**WHAT IS NEEDED**:
Of all the lines in the entries below, give again exactly those starting at the line containing "Demux1/3 -> Bus" and ending at the line containing "Compare To Constant : simulink/Logic", both ends included, and no others.

**SUPPLIED INFORMATION**:
>>>

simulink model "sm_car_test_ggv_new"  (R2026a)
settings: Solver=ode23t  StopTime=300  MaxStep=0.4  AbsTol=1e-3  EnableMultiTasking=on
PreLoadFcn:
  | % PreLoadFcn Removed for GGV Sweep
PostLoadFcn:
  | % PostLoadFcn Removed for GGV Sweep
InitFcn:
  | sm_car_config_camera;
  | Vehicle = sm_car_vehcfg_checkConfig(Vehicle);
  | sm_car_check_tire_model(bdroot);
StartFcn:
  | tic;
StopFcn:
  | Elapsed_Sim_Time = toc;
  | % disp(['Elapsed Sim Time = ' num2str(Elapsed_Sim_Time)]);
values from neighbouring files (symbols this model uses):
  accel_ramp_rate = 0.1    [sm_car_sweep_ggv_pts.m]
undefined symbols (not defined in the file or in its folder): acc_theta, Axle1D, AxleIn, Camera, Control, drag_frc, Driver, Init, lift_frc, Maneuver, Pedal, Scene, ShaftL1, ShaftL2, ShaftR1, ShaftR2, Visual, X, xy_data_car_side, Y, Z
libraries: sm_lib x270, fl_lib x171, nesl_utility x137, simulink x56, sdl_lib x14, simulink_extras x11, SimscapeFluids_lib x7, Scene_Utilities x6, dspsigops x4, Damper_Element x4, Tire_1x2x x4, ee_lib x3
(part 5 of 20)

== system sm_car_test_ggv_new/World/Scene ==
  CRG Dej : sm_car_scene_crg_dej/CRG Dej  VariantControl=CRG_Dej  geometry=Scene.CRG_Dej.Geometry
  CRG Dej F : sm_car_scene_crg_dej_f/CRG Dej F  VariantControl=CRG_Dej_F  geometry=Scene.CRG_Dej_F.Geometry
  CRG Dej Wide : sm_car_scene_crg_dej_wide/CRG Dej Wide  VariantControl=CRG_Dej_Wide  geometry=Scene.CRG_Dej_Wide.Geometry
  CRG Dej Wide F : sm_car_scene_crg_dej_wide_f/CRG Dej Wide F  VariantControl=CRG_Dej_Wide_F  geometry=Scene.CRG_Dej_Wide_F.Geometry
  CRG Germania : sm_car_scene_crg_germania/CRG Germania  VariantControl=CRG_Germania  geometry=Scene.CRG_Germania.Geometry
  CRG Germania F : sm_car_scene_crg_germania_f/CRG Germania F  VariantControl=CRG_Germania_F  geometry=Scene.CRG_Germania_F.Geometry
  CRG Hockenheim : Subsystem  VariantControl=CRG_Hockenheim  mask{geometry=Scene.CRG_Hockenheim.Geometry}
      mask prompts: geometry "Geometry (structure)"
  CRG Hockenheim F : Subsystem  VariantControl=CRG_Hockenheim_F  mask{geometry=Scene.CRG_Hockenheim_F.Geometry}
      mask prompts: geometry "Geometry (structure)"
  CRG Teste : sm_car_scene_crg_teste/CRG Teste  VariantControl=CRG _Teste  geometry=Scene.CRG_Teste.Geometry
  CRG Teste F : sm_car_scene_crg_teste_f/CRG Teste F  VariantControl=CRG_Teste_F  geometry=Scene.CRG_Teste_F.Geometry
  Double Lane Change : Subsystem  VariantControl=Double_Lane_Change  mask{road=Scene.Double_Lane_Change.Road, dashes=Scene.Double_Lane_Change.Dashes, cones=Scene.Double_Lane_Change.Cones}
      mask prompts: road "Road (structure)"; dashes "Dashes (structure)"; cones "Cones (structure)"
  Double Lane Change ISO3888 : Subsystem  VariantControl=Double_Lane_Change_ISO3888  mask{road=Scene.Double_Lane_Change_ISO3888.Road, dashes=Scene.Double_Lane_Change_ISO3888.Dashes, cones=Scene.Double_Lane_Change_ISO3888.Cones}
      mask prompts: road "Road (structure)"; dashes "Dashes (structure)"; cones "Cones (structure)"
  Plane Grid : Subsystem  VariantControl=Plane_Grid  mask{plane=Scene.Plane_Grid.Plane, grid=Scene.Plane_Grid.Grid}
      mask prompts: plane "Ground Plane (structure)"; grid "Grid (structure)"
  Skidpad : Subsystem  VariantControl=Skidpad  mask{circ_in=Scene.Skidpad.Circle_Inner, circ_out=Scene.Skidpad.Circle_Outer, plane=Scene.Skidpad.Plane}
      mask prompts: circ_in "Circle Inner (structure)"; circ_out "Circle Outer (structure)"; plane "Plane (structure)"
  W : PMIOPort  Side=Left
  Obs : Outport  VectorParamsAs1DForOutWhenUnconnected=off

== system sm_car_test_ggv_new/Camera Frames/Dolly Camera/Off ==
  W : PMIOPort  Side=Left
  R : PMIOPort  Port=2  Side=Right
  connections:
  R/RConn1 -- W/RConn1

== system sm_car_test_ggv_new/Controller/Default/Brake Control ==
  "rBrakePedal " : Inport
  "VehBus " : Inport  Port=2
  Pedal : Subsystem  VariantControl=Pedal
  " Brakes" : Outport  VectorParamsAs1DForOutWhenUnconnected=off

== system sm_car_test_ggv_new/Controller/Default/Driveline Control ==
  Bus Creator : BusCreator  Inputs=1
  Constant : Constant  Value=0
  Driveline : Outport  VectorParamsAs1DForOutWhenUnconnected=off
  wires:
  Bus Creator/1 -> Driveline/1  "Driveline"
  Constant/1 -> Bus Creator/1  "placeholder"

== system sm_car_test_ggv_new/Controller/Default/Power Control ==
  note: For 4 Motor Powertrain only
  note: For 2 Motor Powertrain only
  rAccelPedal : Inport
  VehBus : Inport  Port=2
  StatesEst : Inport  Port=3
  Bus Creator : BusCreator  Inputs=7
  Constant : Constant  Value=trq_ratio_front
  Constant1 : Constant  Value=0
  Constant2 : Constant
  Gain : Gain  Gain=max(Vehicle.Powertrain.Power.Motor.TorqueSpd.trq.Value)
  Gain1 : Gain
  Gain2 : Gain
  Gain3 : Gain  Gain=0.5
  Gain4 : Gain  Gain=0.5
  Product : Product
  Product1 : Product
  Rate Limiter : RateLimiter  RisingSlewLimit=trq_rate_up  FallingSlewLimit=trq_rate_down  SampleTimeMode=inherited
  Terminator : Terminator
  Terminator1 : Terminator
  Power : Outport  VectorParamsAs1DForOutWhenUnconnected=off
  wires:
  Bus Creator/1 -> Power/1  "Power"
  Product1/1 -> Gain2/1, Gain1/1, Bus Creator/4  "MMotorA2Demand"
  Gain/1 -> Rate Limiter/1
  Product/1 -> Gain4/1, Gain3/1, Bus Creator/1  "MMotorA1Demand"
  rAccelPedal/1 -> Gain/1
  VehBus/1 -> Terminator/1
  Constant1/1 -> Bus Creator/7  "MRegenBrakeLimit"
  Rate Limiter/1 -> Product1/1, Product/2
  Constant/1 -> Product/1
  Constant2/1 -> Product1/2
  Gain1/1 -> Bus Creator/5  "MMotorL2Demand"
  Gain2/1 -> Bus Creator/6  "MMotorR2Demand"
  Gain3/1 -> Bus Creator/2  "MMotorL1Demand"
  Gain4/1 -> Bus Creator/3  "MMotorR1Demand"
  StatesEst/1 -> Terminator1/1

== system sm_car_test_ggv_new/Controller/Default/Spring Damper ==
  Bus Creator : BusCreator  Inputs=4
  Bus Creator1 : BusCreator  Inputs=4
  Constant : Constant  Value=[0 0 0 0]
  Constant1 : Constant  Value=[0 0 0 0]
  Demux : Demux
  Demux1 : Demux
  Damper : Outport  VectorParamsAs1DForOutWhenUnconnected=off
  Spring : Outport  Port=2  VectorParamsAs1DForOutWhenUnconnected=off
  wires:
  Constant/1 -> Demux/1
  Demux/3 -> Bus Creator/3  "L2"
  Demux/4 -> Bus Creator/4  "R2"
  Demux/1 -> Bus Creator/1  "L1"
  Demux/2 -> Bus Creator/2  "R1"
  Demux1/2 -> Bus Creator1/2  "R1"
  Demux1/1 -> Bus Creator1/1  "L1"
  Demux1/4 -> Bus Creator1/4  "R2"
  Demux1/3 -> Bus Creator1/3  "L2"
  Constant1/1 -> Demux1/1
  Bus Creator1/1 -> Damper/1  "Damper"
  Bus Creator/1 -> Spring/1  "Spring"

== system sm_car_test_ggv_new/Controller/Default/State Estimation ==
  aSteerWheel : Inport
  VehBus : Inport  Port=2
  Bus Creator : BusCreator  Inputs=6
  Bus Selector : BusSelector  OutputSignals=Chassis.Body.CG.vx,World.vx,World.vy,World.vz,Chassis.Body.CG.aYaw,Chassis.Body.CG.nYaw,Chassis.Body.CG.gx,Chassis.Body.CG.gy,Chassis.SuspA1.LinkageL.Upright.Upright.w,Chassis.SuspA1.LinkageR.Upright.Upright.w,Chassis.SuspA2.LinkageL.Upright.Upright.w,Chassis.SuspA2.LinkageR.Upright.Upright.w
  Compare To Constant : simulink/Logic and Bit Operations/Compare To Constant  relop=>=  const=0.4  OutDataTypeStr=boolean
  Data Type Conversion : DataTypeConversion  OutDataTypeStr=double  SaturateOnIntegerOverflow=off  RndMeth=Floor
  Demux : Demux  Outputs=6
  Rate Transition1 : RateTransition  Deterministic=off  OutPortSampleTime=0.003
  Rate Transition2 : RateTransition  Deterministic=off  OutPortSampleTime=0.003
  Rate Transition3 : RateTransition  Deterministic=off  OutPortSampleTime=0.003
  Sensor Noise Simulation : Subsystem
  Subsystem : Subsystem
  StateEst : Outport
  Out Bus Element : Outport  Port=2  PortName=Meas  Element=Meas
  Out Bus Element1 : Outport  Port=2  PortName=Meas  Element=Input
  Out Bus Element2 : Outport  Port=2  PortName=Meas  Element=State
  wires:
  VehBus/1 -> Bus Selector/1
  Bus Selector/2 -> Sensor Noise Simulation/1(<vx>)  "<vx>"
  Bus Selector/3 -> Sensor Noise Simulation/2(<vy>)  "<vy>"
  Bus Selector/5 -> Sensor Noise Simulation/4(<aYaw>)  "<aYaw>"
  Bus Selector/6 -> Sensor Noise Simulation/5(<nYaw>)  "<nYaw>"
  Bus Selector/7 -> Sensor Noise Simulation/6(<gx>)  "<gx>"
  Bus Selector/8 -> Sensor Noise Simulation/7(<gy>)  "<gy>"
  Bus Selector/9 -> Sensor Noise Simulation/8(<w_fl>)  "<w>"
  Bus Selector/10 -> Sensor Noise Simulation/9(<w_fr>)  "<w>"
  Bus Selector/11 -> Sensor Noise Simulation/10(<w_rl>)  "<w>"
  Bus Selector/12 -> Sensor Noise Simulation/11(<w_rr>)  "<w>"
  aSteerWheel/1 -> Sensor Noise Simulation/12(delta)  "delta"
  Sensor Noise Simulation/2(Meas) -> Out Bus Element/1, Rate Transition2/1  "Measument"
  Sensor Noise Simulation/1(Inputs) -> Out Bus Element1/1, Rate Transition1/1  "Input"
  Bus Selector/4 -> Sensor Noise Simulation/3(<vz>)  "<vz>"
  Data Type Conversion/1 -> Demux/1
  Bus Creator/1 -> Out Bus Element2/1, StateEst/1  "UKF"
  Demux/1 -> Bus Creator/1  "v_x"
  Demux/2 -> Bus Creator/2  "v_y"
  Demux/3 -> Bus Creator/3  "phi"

<<<

**OUTPUT OF THE EXERCISE**:
  Demux1/3 -> Bus Creator1/3  "L2"
  Constant1/1 -> Demux1/1
  Bus Creator1/1 -> Damper/1  "Damper"
  Bus Creator/1 -> Spring/1  "Spring"

== system sm_car_test_ggv_new/Controller/Default/State Estimation ==
  aSteerWheel : Inport
  VehBus : Inport  Port=2
  Bus Creator : BusCreator  Inputs=6
  Bus Selector : BusSelector  OutputSignals=Chassis.Body.CG.vx,World.vx,World.vy,World.vz,Chassis.Body.CG.aYaw,Chassis.Body.CG.nYaw,Chassis.Body.CG.gx,Chassis.Body.CG.gy,Chassis.SuspA1.LinkageL.Upright.Upright.w,Chassis.SuspA1.LinkageR.Upright.Upright.w,Chassis.SuspA2.LinkageL.Upright.Upright.w,Chassis.SuspA2.LinkageR.Upright.Upright.w
  Compare To Constant : simulink/Logic and Bit Operations/Compare To Constant  relop=>=  const=0.4  OutDataTypeStr=boolean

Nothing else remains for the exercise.